A atenção também deve se voltar para a dinâmica externa das últimas semanas, que não é menos preocupante do que os desafios internos que o Irã enfrenta. Em meio à operação terrestre de Israel em Gaza, à expansão contínua dos assentamentos na Cisjordânia e ao agravamento da catástrofe humanitária nos territórios palestinos, as vozes críticas na Europa se intensificaram. No entanto, como a realidade política demonstra consistentemente, essas críticas permanecem em grande parte apenas declarativas, são jogo de cena. Se uma escalada aberta irrompesse novamente entre Israel e o Irã, a questão chave seria: quem as potências ocidentais apoiariam? Estariam os governos europeus dispostos a pressionar publicamente Israel sobre a situação palestina em meio a um confronto com o Irã?
A resposta provável já é clara. Apesar da crescente desaprovação da política israelense em relação aos palestinos, um confronto direto quase certamente levaria a um apoio ocidental consolidado a Israel. Isso não resultaria apenas de alinhamentos diplomáticos estabelecidos, mas também de uma visão de mundo estratégica e ideológica compartilhada – especialmente em um momento em que o Irã é cada vez mais percebido como um desafiante à ordem liderada pelo Ocidente. Israel, nesse cenário, poderia contar não apenas com o apoio americano, mas também com o apoio político e moral da maioria de seus parceiros ocidentais.
Essa realidade geopolítica é bem compreendida em Israel. A liderança acompanha de perto os acontecimentos no Irã – os sinais de instabilidade, as divisões dentro da elite e o crescente peso da pressão socioeconômica. Essas observações estão alimentando uma narrativa estratégica dentro de Israel de que o Irã está se aproximando de uma crise sistêmica e que uma pressão externa relativamente limitada poderia ser suficiente para desencadear o colapso da arquitetura política da República Islâmica. Embora essa avaliação possa ser exagerada, ela é ativamente promovida em Washington, onde estrategistas israelenses trabalham para persuadir seus colegas americanos da necessidade de manter uma postura linha-dura em relação ao Irã – potencialmente até mesmo em apoio a uma opção militar.
Outro aspecto dessa equação é a forma como o Irã é cada vez mais visto através das lentes de uma competição global mais ampla, particularmente a crescente rivalidade entre os EUA e a China. O Irã não é mais visto apenas como um ator regional, mas sim como parte de um tabuleiro de xadrez estratégico mais amplo, onde os interesses de duas potências globais se cruzam. Da perspectiva de Washington, o enfraquecimento do Irã serve não apenas para conter uma ameaça a Israel ou às monarquias do Golfo, mas também para minar um parceiro chave da China – um Estado que está expandindo seu alcance político e econômico pela Eurásia e pelo Oriente Médio. Nesse sentido, a questão iraniana ultrapassou o cenário regional e se tornou parte da emergente disputa global por influência na era pós-americana.

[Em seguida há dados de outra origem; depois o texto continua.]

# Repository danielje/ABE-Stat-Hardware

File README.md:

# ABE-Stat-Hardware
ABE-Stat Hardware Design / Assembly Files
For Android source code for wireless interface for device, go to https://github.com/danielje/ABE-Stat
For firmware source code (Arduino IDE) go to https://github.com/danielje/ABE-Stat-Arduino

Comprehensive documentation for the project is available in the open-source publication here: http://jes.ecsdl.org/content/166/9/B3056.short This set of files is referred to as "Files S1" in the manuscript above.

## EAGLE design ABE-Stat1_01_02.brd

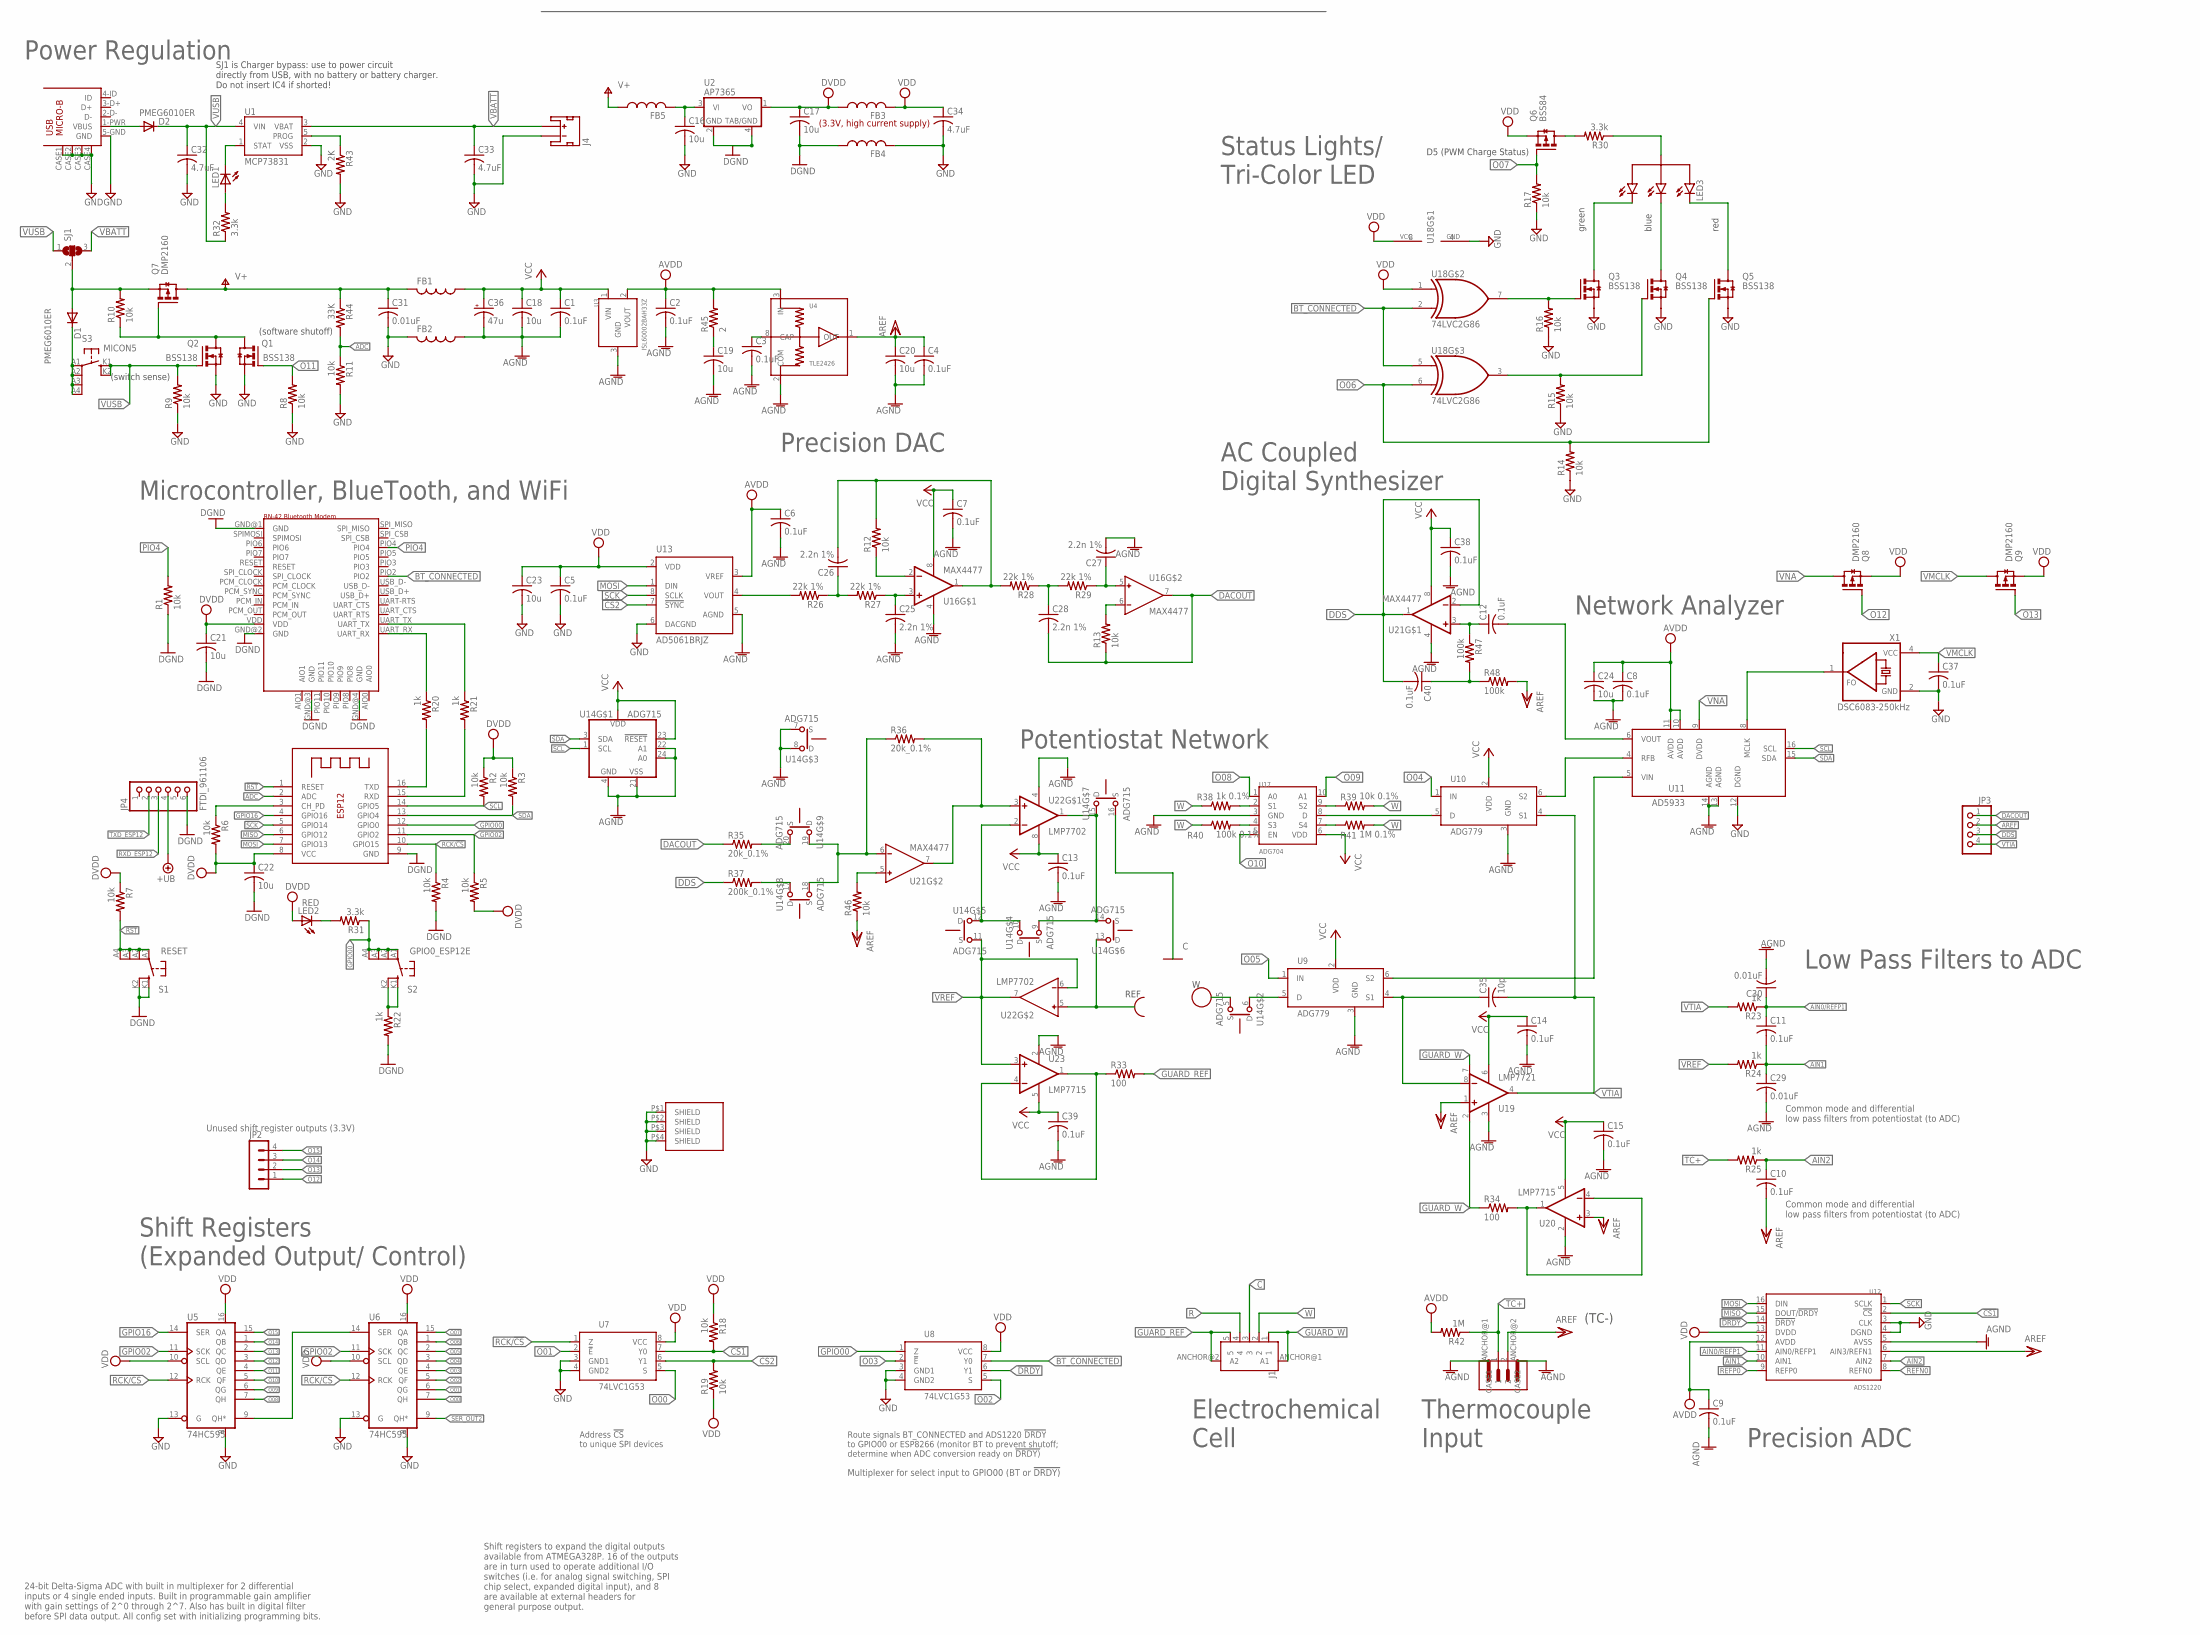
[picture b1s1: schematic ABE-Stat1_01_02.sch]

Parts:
A1: ESP-12E; ESP-12
A2: RN-42_BLUETOOTH; RN-42
C1, C2, C3, C4, C5, C6, C7, C8, C9, C10, C11, C12, C13, C14, C15, C37, C38, C39, C40: 0.1uF; C0805
C16, C17, C18, C19, C20, C21, C22, C23, C24: 10u; C0805
C25, C26, C27, C28: 2.2n 1%; C0805
C29, C30, C31: 0.01uF; C0805
C32, C33, C34: 4.7uF; C0805
C35: 10p; C0805
C36: 47u; D/7343-31W
D1, D2: PMEG6010ER; DIODE_SOD123
FB1, FB2, FB3, FB4, FB5: FERRITE_BEAD_5A_0805; R0805
J1: 5-PIN-VERTICAL-PHOENIX_2.5MM-SMD; 5-PIN-VERT_PHOENIX_SMD
J2: 1A_JENKINS_2013_2PIN_SMD_PHOENIX_CONTACTVERTICAL; 2-PIN-VERT_PHOENIX_SMD
J3: USB-MICRO-B; USB_MICRO_B_WURTH_629105136821
J4: JST_2MM_MALE; JST-2-SMD
JP2: MA04-1
JP3: PINHD-1X4; 1X04
JP4: FTDI_961106; 6_PIN_0.1IN_STRAIGHT_HEADER
LED1: LEDCHIPLED_1206; CHIPLED_1206
LED2: RED; LED-1206
LED3: LED_RBG_COM_ANODE; LED_RGB_WURTH_150141M173100
Q1, Q2, Q3, Q4, Q5: BSS138; SOT-23
Q6: BSS84; SOT-23-3
Q7, Q8, Q9: DMP2160; SOT-23-3
R1, R2, R3, R4, R5, R6, R7, R8, R9, R10, R11, R12, R13, R14, R15, R16, R17, R18, R19, R46: 10k; R0805
R20, R21, R22, R23, R24, R25: 1k; R0805
R26, R27, R28, R29: 22k 1%; R0805
R30, R31, R32: 3.3k; R0805
R33, R34: 100; R0805
R35, R36: 20k_0.1%; R0805
R37: 200k_0.1%; R0805
R38: 1k 0.1%; R0805
R39: 10k 0.1%; R0805
R40: 100k 0.1%; R0805
R41: 1M 0.1%; R0805
R42: 1M; R0805
R43: 2K; R0805
R44: 33K; R0805
R45: 2; R2512
R47, R48: 100k; R0805
S1: RESET; RAFI-MICON5_SWITCH
S2: GPIO0_ESP12E; RAFI-MICON5_SWITCH
S3: MICON5; RAFI-MICON5_SWITCH
SH1: SMARTDART_SHIELD; SMARTDART-SHIELD
SJ1: SJ2W; SJ_2
U1: MCP73831; SOT23-5
U2: AP7365; SOT-223
U3: ISL60002BAH33Z; SOT-23-3
U4: TLE2426; SOIC-8
U5, U6: 74HC595; TSSOP16
U7, U8: 74LVC1G53; VSSOP8
U9, U10: ADG779; SC70-6
U11: AD5933; SSOP-16
U12: ADS1220; TSSOP16
U13: AD5061BRJZ; SOT-23-8
U14: ADG715; TSSOP24
U16, U21: MAX4477; UMAX8
U17: ADG704; MSOP10
U18: 74LVC2G86; US-8
U19: LMP7721; SOIC-8
U20, U23: LMP7715; SOT23-5
U22: LMP7702; MSOP8
X1: DSC6083-250kHz; DSC60XX_OSCILLATOR_3.2X2.5MM

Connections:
!CS1: R18.2, U7.7 (Y0), U12.2 (!CS)
!CS2: R19.2, U7.6 (Y1), U13.7 (!SYNC)
!DRDY: U8.6 (Y1), U12.14 (!DRDY)
!RST: A1.1 (RESET), R7.2, S1.A1, S1.A2 (P1), S1.A3 (P2), S1.A4 (P3)
+UB: JP4.4
AD5933_VIN: U9.6 (S2), U11.5 (VIN)
ADC: A1.2 (ADC), R11.1, R44.2
AGND: C1.2, C2.2, C3.2, C4.2, C6.2, C7.2, C8.2, C9.2, C13.2, C14.2, C15.2, C18.2, C19.2, C20.2, C24.2, C25.2, C27.2, C29.2, C30.2, C36.-, C38.2, C39.2, FB2.1, J2.ANCHOR@1 (CASE1), J2.ANCHOR@2 (CASE2), U3.3 (GND), U4.2 (COM), U9.3 (GND), U10.3 (GND), U11.13 (AGND), U11.14 (AGND), U12.5 (AVSS), U13.5 (AGND), U14.4 (GND), U14.7 (S), U14.8 (D), U14.21 (VSS), U14.22 (A1), U14.24 (A0), U16.4 (V-), U17.3 (GND), U19.3 (V-), U20.2 (V-), U21.4 (V-), U22.4 (V-), U23.2 (V-)
AIN0/REFP1: C11.1, C30.1, R23.1, U12.11 (AIN0/REFP1)
AIN1: C11.2, C29.1, R24.1, U12.10 (AIN1)
AIN2: C10.1, R25.1, U12.7 (AIN2)
AREF: C4.1, C10.2, C20.1, J2.2, JP3.2, R46.1, R48.2, U4.1 (OUT), U12.6 (AIN3/REFN1), U19.1 (+IN), U20.3 (+IN)
AVDD: C2.1, C6.1, C8.1, C9.1, C24.1, R42.2, R45.2, U3.2 (VOUT), U4.3 (IN), U11.10 (AVDD), U11.11 (AVDD), U12.12 (AVDD), U13.3 (VREF)
BT_CONNECTED: A2.PIO2, U8.7 (Y0), U18.2 (I1), U18.5 (I0)
C: J1.3, U14.16 (S)
DACOUT: C28.2, JP3.1, R13.1, R35.1, U16.7 (OUT)
DDS: C40.2, JP3.3, R37.1, U21.1 (OUT), U21.2 (-IN)
DGND: A1.9 (GND), A2.GND@1 (GND), A2.GND@2 (GND), A2.GND@3 (GND), A2.GND@4 (GND), C17.2, C21.2, C22.2, FB4.1, JP4.6, R1.1, R4.2, R22.2, S1.K1 (S), S1.K2 (S1), U2.2 (GND), U2.4 (GND1)
DVDD: A1.8 (VCC), A2.VDD, C17.1, C21.1, C22.1, FB3.1, LED2.A, R2.1, R3.1, R5.2, R6.2, R7.1, U2.1 (VO)
GND: C5.2, C16.2, C23.2, C31.2, C32.2, C33.2, C34.2, C37.2, FB2.2, FB4.2, J3.5-GND (GND), J3.CASE1 (CASE), J3.CASE2 (CASE), J3.CASE3 (CASE), J3.CASE4 (CASE), J4.1 (-), Q1.2-S (S), Q2.2-S (S), Q3.2-S (S), Q4.2-S (S), Q5.2-S (S), R8.1, R9.1, R11.2, R14.1, R15.1, R16.1, R17.1, R43.2, SH1.P$1, SH1.P$2, SH1.P$3, SH1.P$4, U1.2 (VSS), U5.8 (GND), U5.13 (G), U6.8 (GND), U6.13 (G), U7.3 (GND1), U7.4 (GND2), U8.3 (GND1), U8.4 (GND2), U11.12 (DGND), U12.3 (CLK), U12.4 (DGND), U13.6 (DACGND), U18.4 (GND), X1.2 (GND)
GPIO00: A1.12 (GPIO0), R31.1, S2.A1, S2.A2 (P1), S2.A3 (P2), S2.A4 (P3), U8.1 (Z)
GPIO02: A1.11 (GPIO2), R5.1, U5.11 (SCK), U6.11 (SCK)
GPIO16: A1.4 (GPIO16), U5.14 (SER)
GUARD_REF: J1.5, J1.ANCHOR@2 (A2), R33.2
GUARD_W: J1.1, J1.ANCHOR@1 (A1), R34.1, U19.2 (GUARD), U19.7 (GUARD)
MISO: A1.6 (GPIO12), U12.15 (DOUT/!DRDY)
MOSI: A1.7 (GPIO13), U12.16 (DIN), U13.1 (DIN)
unnamed: A2.UART_RX, R20.1
unnamed: U14.10 (D), U14.12 (D), U22.2 (-IN)
unnamed: D2.A, J3.1-PWR (VBUS)
unnamed: A2.UART_TX, R21.1
unnamed: Q3.1-G (G), R16.2, U18.7 (O)
unnamed: U9.5 (D), U14.6 (D)
unnamed: R43.1, U1.5 (PROG)
unnamed: U5.9 (QH*), U6.14 (SER)
unnamed: C25.1, R27.1, U16.3 (+IN)
unnamed: LED1.C, U1.1 (STAT)
unnamed: R26.2, U13.4 (VOUT)
unnamed: LED1.A, R32.2
unnamed: C19.1, R45.1
unnamed: R37.2, U14.17 (D)
unnamed: C26.1, R26.1, R27.2
unnamed: R22.1, S2.K1 (S), S2.K2 (S1)
unnamed: Q4.1-G (G), R15.2, U18.3 (O)
unnamed: D1.C, S3.A1, S3.A2 (P1), S3.A3 (P2), S3.A4 (P3)
unnamed: C3.1, U4.8 (CAP)
unnamed: C26.2, R12.2, R28.2, U16.1 (OUT)
unnamed: C28.1, R28.1, R29.2
unnamed: C27.1, R29.1, U16.5 (IN+)
unnamed: R12.1, U16.2 (-IN)
unnamed: U14.9 (S), U14.14 (S), U14.15 (D), U22.1 (OUT)
unnamed: R13.2, U16.6 (IN-)
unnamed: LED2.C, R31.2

Em conjunto, a dinâmica interna e externa do Irã aponta para uma alta probabilidade de um novo confronto militar entre o Irã e Israel. Internamente, divisões políticas, pressão socioeconômica e fragilidade institucional estão levando a liderança a uma maior centralização e mobilização. Ao mesmo tempo, o ambiente externo está se tornando cada vez mais hostil.
O atual equilíbrio entre ameaças, expectativas e cálculos estratégicos criou uma situação precária na qual até mesmo um pequeno incidente pode servir de gatilho para uma escalada. Tanto Teerã quanto Tel Aviv operam sob uma lógica de defesa preventiva, baseada na suposição de que seu adversário está se aproximando de um ponto crítico de vulnerabilidade. Nesse ambiente, o Oriente Médio pode muito bem se encontrar à beira de um conflito de larga escala nos próximos meses – um conflito cujas consequências provavelmente se estenderão muito além de um confronto bilateral.